Sinergi Pola Asuh dan Pendidikan Keluarga: Kunci Mewujudkan Ketahanan dan Harmoni Keluarga di Era Modern

Oleh.

KHAMSUN

( Mahasiswa Doktor Hukum Keluarga Islam UIN Mataram)


"Sinergi Pola Asuh dan Pendidikan Keluarga dalam Mewujudkan Ketahanan Keluarga: Kajian atas Kepribadian dan Kerjasama Anggota Keluarga":


Ketahanan keluarga merupakan aspek fundamental yang mendasari kesejahteraan masyarakat dan kemajuan bangsa. Dalam perspektif ilmu sosial dan pendidikan, ketahanan keluarga menjadi variabel kunci yang mencakup kemampuan keluarga dalam mengelola sumber daya dan menghadapi berbagai tantangan psikologis, sosial, dan ekonomi. Pada masa globalisasi dan digitalisasi saat ini, keluarga menghadapi dinamika kompleks yang menuntut adaptasi pola asuh dan pendidikan keluarga secara sinergis untuk membentuk pribadi anggota keluarga yang tangguh, adaptif, dan kooperatif.


Sinergi antara pola asuh dan pendidikan keluarga dalam literatur akademik dikaji sebagai interaksi yang saling memperkuat dalam pembentukan kepribadian dan kerjasama antaranggota keluarga. Pola asuh demokratis, yang menyeimbangkan antara kontrol dan kasih sayang, memungkinkan tumbuhnya komunikasi terbuka, partisipasi anak dalam pengambilan keputusan, serta pengembangan tanggung jawab personal. Pola asuh ini memfasilitasi internalisasi nilai-nilai moral dan sosial yang ditanamkan melalui pendidikan keluarga yang berfokus pada pembentukan karakter berlandaskan nilai-nilai religius, moral, dan sosial. Dengan pendekatan ini, anak tidak hanya dibentuk menjadi individu yang mandiri dan percaya diri, melainkan juga saling menghargai dan mampu menjalin kerjasama.
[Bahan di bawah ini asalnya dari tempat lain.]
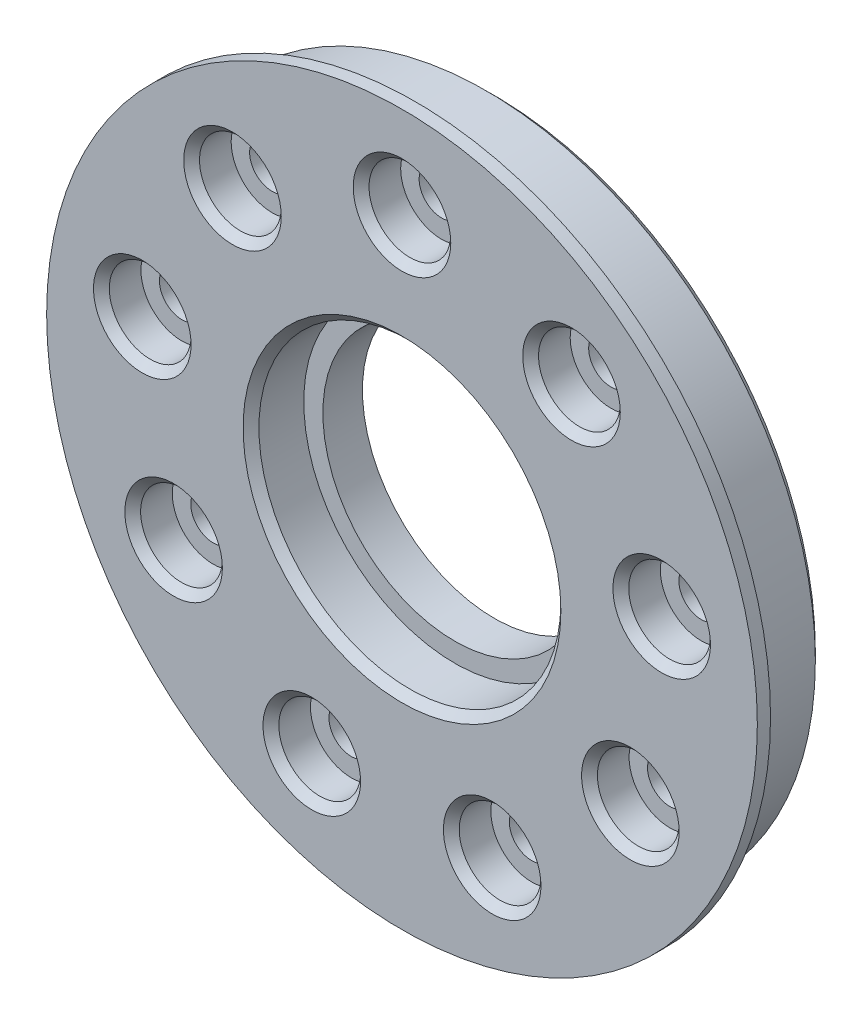
ISO-10303-21;
HEADER;
FILE_DESCRIPTION(('STEP AP214'),'2;1');
FILE_NAME('part.step','',(''),(''),'','','');
FILE_SCHEMA(('AUTOMOTIVE_DESIGN { 1 0 10303 214 1 1 1 1 }'));
ENDSEC;
DATA;
#1=APPLICATION_CONTEXT('core data for automotive mechanical design processes');
#2=APPLICATION_PROTOCOL_DEFINITION('international standard','automotive_design',2000,#1);
#3=PRODUCT_CONTEXT('',#1,'mechanical');
#4=PRODUCT('Part','Part','',(#3));
#5=PRODUCT_RELATED_PRODUCT_CATEGORY('part','',(#4));
#6=PRODUCT_DEFINITION_FORMATION('','',#4);
#7=PRODUCT_DEFINITION_CONTEXT('part definition',#1,'design');
#8=PRODUCT_DEFINITION('design','',#6,#7);
#9=PRODUCT_DEFINITION_SHAPE('','',#8);
#10=(LENGTH_UNIT() NAMED_UNIT(*) SI_UNIT(.MILLI.,.METRE.));
#11=(NAMED_UNIT(*) PLANE_ANGLE_UNIT() SI_UNIT($,.RADIAN.));
#12=(NAMED_UNIT(*) SI_UNIT($,.STERADIAN.) SOLID_ANGLE_UNIT());
#13=UNCERTAINTY_MEASURE_WITH_UNIT(LENGTH_MEASURE(1.E-05),#10,'distance_accuracy_value','');
#14=(GEOMETRIC_REPRESENTATION_CONTEXT(3) GLOBAL_UNCERTAINTY_ASSIGNED_CONTEXT((#13)) GLOBAL_UNIT_ASSIGNED_CONTEXT((#10,
#11,#12)) REPRESENTATION_CONTEXT('',''));
#15=CARTESIAN_POINT('',(0.,0.,0.));
#16=DIRECTION('',(0.,0.,1.));
#17=DIRECTION('',(1.,0.,0.));
#18=AXIS2_PLACEMENT_3D('',#15,#16,#17);
#19=CARTESIAN_POINT('',(0.,0.,6.));
#20=DIRECTION('',(0.,0.,-1.));
#21=DIRECTION('',(-1.,0.,0.));
#22=AXIS2_PLACEMENT_3D('',#19,#20,#21);
#23=CYLINDRICAL_SURFACE('',#22,24.95);
#24=CARTESIAN_POINT('',(0.,0.,0.600000000000003));
#25=DIRECTION('',(0.,0.,1.));
#26=DIRECTION('',(1.,0.,0.));
#27=AXIS2_PLACEMENT_3D('',#24,#25,#26);
#28=CIRCLE('',#27,24.95);
#29=CARTESIAN_POINT('',(24.95,0.,0.600000000000003));
#30=VERTEX_POINT('',#29);
#31=EDGE_CURVE('E38',#30,#30,#28,.T.);
#32=ORIENTED_EDGE('',*,*,#31,.T.);
#33=EDGE_LOOP('',(#32));
#34=FACE_BOUND('',#33,.T.);
#35=CARTESIAN_POINT('',(0.,0.,6.));
#36=DIRECTION('',(0.,0.,1.));
#37=DIRECTION('',(1.,0.,0.));
#38=AXIS2_PLACEMENT_3D('',#35,#36,#37);
#39=CIRCLE('',#38,24.95);
#40=CARTESIAN_POINT('',(24.95,0.,6.));
#41=VERTEX_POINT('',#40);
#42=EDGE_CURVE('E105',#41,#41,#39,.T.);
#43=ORIENTED_EDGE('',*,*,#42,.F.);
#44=EDGE_LOOP('',(#43));
#45=FACE_BOUND('',#44,.T.);
#46=ADVANCED_FACE('F31',(#34,#45),#23,.T.);
#47=CARTESIAN_POINT('',(0.,0.,0.));
#48=DIRECTION('',(0.,0.,1.));
#49=DIRECTION('',(1.,0.,0.));
#50=AXIS2_PLACEMENT_3D('',#47,#48,#49);
#51=PLANE('',#50);
#52=CARTESIAN_POINT('',(0.,0.,0.));
#53=DIRECTION('',(0.,0.,1.));
#54=DIRECTION('',(1.,0.,0.));
#55=AXIS2_PLACEMENT_3D('',#52,#53,#54);
#56=CIRCLE('',#55,24.35);
#57=CARTESIAN_POINT('',(24.35,0.,0.));
#58=VERTEX_POINT('',#57);
#59=EDGE_CURVE('E10',#58,#58,#56,.F.);
#60=ORIENTED_EDGE('',*,*,#59,.T.);
#61=EDGE_LOOP('',(#60));
#62=FACE_BOUND('',#61,.T.);
#63=CARTESIAN_POINT('',(0.,0.,0.));
#64=DIRECTION('',(0.,0.,1.));
#65=DIRECTION('',(1.,0.,0.));
#66=AXIS2_PLACEMENT_3D('',#63,#64,#65);
#67=CIRCLE('',#66,10.);
#68=CARTESIAN_POINT('',(10.,0.,0.));
#69=VERTEX_POINT('',#68);
#70=EDGE_CURVE('E198',#69,#69,#67,.T.);
#71=ORIENTED_EDGE('',*,*,#70,.T.);
#72=EDGE_LOOP('',(#71));
#73=FACE_BOUND('',#72,.T.);
#74=CARTESIAN_POINT('',(-12.855752193731,15.3208888623801,0.));
#75=DIRECTION('',(0.,0.,-1.));
#76=DIRECTION('',(-1.,0.,0.));
#77=AXIS2_PLACEMENT_3D('',#74,#75,#76);
#78=CIRCLE('',#77,1.70000000000006);
#79=CARTESIAN_POINT('',(-14.555752193731,15.3208888623801,0.));
#80=VERTEX_POINT('',#79);
#81=EDGE_CURVE('E131',#80,#80,#78,.T.);
#82=ORIENTED_EDGE('',*,*,#81,.F.);
#83=EDGE_LOOP('',(#82));
#84=FACE_BOUND('',#83,.T.);
#85=CARTESIAN_POINT('',(-19.6961550602449,3.47296355333944,0.));
#86=DIRECTION('',(0.,0.,-1.));
#87=DIRECTION('',(-1.,0.,0.));
#88=AXIS2_PLACEMENT_3D('',#85,#86,#87);
#89=CIRCLE('',#88,1.70000000000048);
#90=CARTESIAN_POINT('',(-21.3961550602453,3.47296355333944,0.));
#91=VERTEX_POINT('',#90);
#92=EDGE_CURVE('E191',#91,#91,#89,.T.);
#93=ORIENTED_EDGE('',*,*,#92,.F.);
#94=EDGE_LOOP('',(#93));
#95=FACE_BOUND('',#94,.T.);
#96=CARTESIAN_POINT('',(-17.3205080756901,-9.99999999999926,0.));
#97=DIRECTION('',(0.,0.,-1.));
#98=DIRECTION('',(-1.,0.,0.));
#99=AXIS2_PLACEMENT_3D('',#96,#97,#98);
#100=CIRCLE('',#99,1.7000000000011);
#101=CARTESIAN_POINT('',(-19.0205080756911,-9.99999999999926,0.));
#102=VERTEX_POINT('',#101);
#103=EDGE_CURVE('E188',#102,#102,#100,.T.);
#104=ORIENTED_EDGE('',*,*,#103,.F.);
#105=EDGE_LOOP('',(#104));
#106=FACE_BOUND('',#105,.T.);
#107=CARTESIAN_POINT('',(-6.84040286651503,-18.7938524157179,0.));
#108=DIRECTION('',(0.,0.,-1.));
#109=DIRECTION('',(-1.,0.,0.));
#110=AXIS2_PLACEMENT_3D('',#107,#108,#109);
#111=CIRCLE('',#110,1.70000000000162);
#112=CARTESIAN_POINT('',(-8.54040286651664,-18.7938524157179,0.));
#113=VERTEX_POINT('',#112);
#114=EDGE_CURVE('E185',#113,#113,#111,.T.);
#115=ORIENTED_EDGE('',*,*,#114,.F.);
#116=EDGE_LOOP('',(#115));
#117=FACE_BOUND('',#116,.T.);
#118=CARTESIAN_POINT('',(6.84040286651173,-18.7938524157185,0.));
#119=DIRECTION('',(0.,0.,-1.));
#120=DIRECTION('',(-1.,0.,0.));
#121=AXIS2_PLACEMENT_3D('',#118,#119,#120);
#122=CIRCLE('',#121,1.7000000000018);
#123=CARTESIAN_POINT('',(5.14040286650992,-18.7938524157185,0.));
#124=VERTEX_POINT('',#123);
#125=EDGE_CURVE('E182',#124,#124,#122,.T.);
#126=ORIENTED_EDGE('',*,*,#125,.F.);
#127=EDGE_LOOP('',(#126));
#128=FACE_BOUND('',#127,.T.);
#129=CARTESIAN_POINT('',(17.3205080756875,-10.0000000000007,0.));
#130=DIRECTION('',(0.,0.,-1.));
#131=DIRECTION('',(-1.,0.,0.));
#132=AXIS2_PLACEMENT_3D('',#129,#130,#131);
#133=CIRCLE('',#132,1.70000000000161);
#134=CARTESIAN_POINT('',(15.6205080756859,-10.0000000000007,0.));
#135=VERTEX_POINT('',#134);
#136=EDGE_CURVE('E179',#135,#135,#133,.T.);
#137=ORIENTED_EDGE('',*,*,#136,.F.);
#138=EDGE_LOOP('',(#137));
#139=FACE_BOUND('',#138,.T.);
#140=CARTESIAN_POINT('',(19.6961550602435,3.47296355333776,0.));
#141=DIRECTION('',(0.,0.,-1.));
#142=DIRECTION('',(-1.,0.,0.));
#143=AXIS2_PLACEMENT_3D('',#140,#141,#142);
#144=CIRCLE('',#143,1.70000000000111);
#145=CARTESIAN_POINT('',(17.9961550602423,3.47296355333776,0.));
#146=VERTEX_POINT('',#145);
#147=EDGE_CURVE('E175',#146,#146,#144,.T.);
#148=ORIENTED_EDGE('',*,*,#147,.F.);
#149=EDGE_LOOP('',(#148));
#150=FACE_BOUND('',#149,.T.);
#151=CARTESIAN_POINT('',(12.8557521937306,15.320888862379,0.));
#152=DIRECTION('',(0.,0.,-1.));
#153=DIRECTION('',(-1.,0.,0.));
#154=AXIS2_PLACEMENT_3D('',#151,#152,#153);
#155=CIRCLE('',#154,1.70000000000059);
#156=CARTESIAN_POINT('',(11.15575219373,15.320888862379,0.));
#157=VERTEX_POINT('',#156);
#158=EDGE_CURVE('E172',#157,#157,#155,.T.);
#159=ORIENTED_EDGE('',*,*,#158,.F.);
#160=EDGE_LOOP('',(#159));
#161=FACE_BOUND('',#160,.T.);
#162=CARTESIAN_POINT('',(0.,20.,0.));
#163=DIRECTION('',(0.,0.,-1.));
#164=DIRECTION('',(-1.,0.,0.));
#165=AXIS2_PLACEMENT_3D('',#162,#163,#164);
#166=CIRCLE('',#165,1.7);
#167=CARTESIAN_POINT('',(-1.7,20.,0.));
#168=VERTEX_POINT('',#167);
#169=EDGE_CURVE('E109',#168,#168,#166,.T.);
#170=ORIENTED_EDGE('',*,*,#169,.F.);
#171=EDGE_LOOP('',(#170));
#172=FACE_BOUND('',#171,.T.);
#173=ADVANCED_FACE('F205',(#62,#73,#84,#95,#106,#117,#128,#139,#150,#161,#172),#51,.F.);
#174=CARTESIAN_POINT('',(0.,0.,7.));
#175=DIRECTION('',(0.,0.,-1.));
#176=DIRECTION('',(-1.,0.,0.));
#177=AXIS2_PLACEMENT_3D('',#174,#175,#176);
#178=CYLINDRICAL_SURFACE('',#177,26.95);
#179=CARTESIAN_POINT('',(0.,0.,7.));
#180=DIRECTION('',(0.,0.,1.));
#181=DIRECTION('',(1.,0.,0.));
#182=AXIS2_PLACEMENT_3D('',#179,#180,#181);
#183=CIRCLE('',#182,26.95);
#184=CARTESIAN_POINT('',(26.95,0.,7.));
#185=VERTEX_POINT('',#184);
#186=EDGE_CURVE('E138',#185,#185,#183,.T.);
#187=ORIENTED_EDGE('',*,*,#186,.F.);
#188=EDGE_LOOP('',(#187));
#189=FACE_BOUND('',#188,.T.);
#190=CARTESIAN_POINT('',(0.,0.,6.));
#191=DIRECTION('',(0.,0.,1.));
#192=DIRECTION('',(1.,0.,0.));
#193=AXIS2_PLACEMENT_3D('',#190,#191,#192);
#194=CIRCLE('',#193,26.95);
#195=CARTESIAN_POINT('',(26.95,0.,6.));
#196=VERTEX_POINT('',#195);
#197=EDGE_CURVE('E139',#196,#196,#194,.T.);
#198=ORIENTED_EDGE('',*,*,#197,.T.);
#199=EDGE_LOOP('',(#198));
#200=FACE_BOUND('',#199,.T.);
#201=ADVANCED_FACE('F239',(#189,#200),#178,.T.);
#202=CARTESIAN_POINT('',(0.,0.,7.));
#203=DIRECTION('',(0.,0.,1.));
#204=DIRECTION('',(1.,0.,0.));
#205=AXIS2_PLACEMENT_3D('',#202,#203,#204);
#206=PLANE('',#205);
#207=CARTESIAN_POINT('',(0.,0.,7.));
#208=DIRECTION('',(0.,0.,1.));
#209=DIRECTION('',(1.,0.,0.));
#210=AXIS2_PLACEMENT_3D('',#207,#208,#209);
#211=CIRCLE('',#210,12.05);
#212=CARTESIAN_POINT('',(12.05,0.,7.));
#213=VERTEX_POINT('',#212);
#214=EDGE_CURVE('E72',#213,#213,#211,.F.);
#215=ORIENTED_EDGE('',*,*,#214,.T.);
#216=EDGE_LOOP('',(#215));
#217=FACE_BOUND('',#216,.T.);
#218=CARTESIAN_POINT('',(-12.8557521937313,15.3208888623808,7.));
#219=DIRECTION('',(0.,0.,1.));
#220=DIRECTION('',(1.,0.,0.));
#221=AXIS2_PLACEMENT_3D('',#218,#219,#220);
#222=CIRCLE('',#221,3.69999999999999);
#223=CARTESIAN_POINT('',(-9.15575219373126,15.3208888623808,7.));
#224=VERTEX_POINT('',#223);
#225=EDGE_CURVE('E75',#224,#224,#222,.F.);
#226=ORIENTED_EDGE('',*,*,#225,.T.);
#227=EDGE_LOOP('',(#226));
#228=FACE_BOUND('',#227,.T.);
#229=CARTESIAN_POINT('',(0.,20.,7.));
#230=DIRECTION('',(0.,0.,1.));
#231=DIRECTION('',(1.,0.,0.));
#232=AXIS2_PLACEMENT_3D('',#229,#230,#231);
#233=CIRCLE('',#232,3.69999999999999);
#234=CARTESIAN_POINT('',(3.69999999999999,20.,7.));
#235=VERTEX_POINT('',#234);
#236=EDGE_CURVE('E78',#235,#235,#233,.F.);
#237=ORIENTED_EDGE('',*,*,#236,.T.);
#238=EDGE_LOOP('',(#237));
#239=FACE_BOUND('',#238,.T.);
#240=CARTESIAN_POINT('',(12.8557521937303,15.3208888623783,7.));
#241=DIRECTION('',(0.,0.,1.));
#242=DIRECTION('',(1.,0.,0.));
#243=AXIS2_PLACEMENT_3D('',#240,#241,#242);
#244=CIRCLE('',#243,3.7);
#245=CARTESIAN_POINT('',(16.5557521937303,15.3208888623783,7.));
#246=VERTEX_POINT('',#245);
#247=EDGE_CURVE('E81',#246,#246,#244,.F.);
#248=ORIENTED_EDGE('',*,*,#247,.T.);
#249=EDGE_LOOP('',(#248));
#250=FACE_BOUND('',#249,.T.);
#251=CARTESIAN_POINT('',(19.6961550602425,3.47296355333664,7.));
#252=DIRECTION('',(0.,0.,1.));
#253=DIRECTION('',(1.,0.,0.));
#254=AXIS2_PLACEMENT_3D('',#251,#252,#253);
#255=CIRCLE('',#254,3.7);
#256=CARTESIAN_POINT('',(23.3961550602425,3.47296355333664,7.));
#257=VERTEX_POINT('',#256);
#258=EDGE_CURVE('E84',#257,#257,#255,.F.);
#259=ORIENTED_EDGE('',*,*,#258,.T.);
#260=EDGE_LOOP('',(#259));
#261=FACE_BOUND('',#260,.T.);
#262=CARTESIAN_POINT('',(17.3205080756858,-10.0000000000017,7.));
#263=DIRECTION('',(0.,0.,1.));
#264=DIRECTION('',(1.,0.,0.));
#265=AXIS2_PLACEMENT_3D('',#262,#263,#264);
#266=CIRCLE('',#265,3.7);
#267=CARTESIAN_POINT('',(21.0205080756858,-10.0000000000017,7.));
#268=VERTEX_POINT('',#267);
#269=EDGE_CURVE('E87',#268,#268,#266,.F.);
#270=ORIENTED_EDGE('',*,*,#269,.T.);
#271=EDGE_LOOP('',(#270));
#272=FACE_BOUND('',#271,.T.);
#273=CARTESIAN_POINT('',(6.84040286650951,-18.7938524157189,7.));
#274=DIRECTION('',(0.,0.,1.));
#275=DIRECTION('',(1.,0.,0.));
#276=AXIS2_PLACEMENT_3D('',#273,#274,#275);
#277=CIRCLE('',#276,3.70000000000001);
#278=CARTESIAN_POINT('',(10.5404028665095,-18.7938524157189,7.));
#279=VERTEX_POINT('',#278);
#280=EDGE_CURVE('E90',#279,#279,#277,.F.);
#281=ORIENTED_EDGE('',*,*,#280,.T.);
#282=EDGE_LOOP('',(#281));
#283=FACE_BOUND('',#282,.T.);
#284=CARTESIAN_POINT('',(-6.84040286651724,-18.7938524157175,7.));
#285=DIRECTION('',(0.,0.,1.));
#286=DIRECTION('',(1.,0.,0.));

Hasil kajian meta-analisis dan studi lapangan menunjukkan bahwa ketahanan keluarga yang terbentuk melalui sinergi ini berdampak nyata pada ketahanan psikologis, sosial, dan spiritual keluarga. Pola asuh dan pendidikan keluarga yang sinergis memperkuat ikatan emosional, meningkatkan komunikasi efektif, dan mengurangi stres serta konflik yang berpotensi merusak keharmonisan keluarga. Dalam konteks perkembangan anak, ketahanan keluarga berkontribusi positif terhadap pengurangan stres anak usia dini, pembentukan identitas yang sehat, dan peningkatan kompetensi sosial.


Trik dan strategi praktis untuk mengoptimalkan sinergi pola asuh dan pendidikan keluarga antara lain:


1. Meningkatkan literasi pengasuhan dan pendidikan keluarga melalui program parenting yang berbasis bukti dan partisipatif.

2. Mendorong keterlibatan aktif orang tua dalam proses pendidikan anak baik di rumah maupun berkolaborasi dengan lembaga pendidikan formal.

3. Mengembangkan komunikasi terbuka dan partisipatif dalam keluarga untuk memperkuat ikatan emosional dan pengambilan keputusan bersama.

4. Memanfaatkan teknologi digital secara positif untuk media edukasi dan pembinaan nilai- nilai keluarga.

5. Mengintegrasikan nilai-nilai agama dan budaya lokal sebagai fondasi dalam pendidikan keluarga, sehingga meningkatkan kohesi budaya dan spiritual.

 

Secara konseptual dan empiris, sinergi pola asuh dan pendidikan keluarga merupakan pendekatan strategis yang efektif dalam membangun keluarga yang resilien di tengah tantangan zaman. Ketahanan keluarga tidak hanya menjamin kualitas hidup anggota keluarga tetapi juga berkontribusi pada pembangunan sumber daya manusia yang unggul, yang pada akhirnya mendukung pembangunan sosial dan ekonomi nasional.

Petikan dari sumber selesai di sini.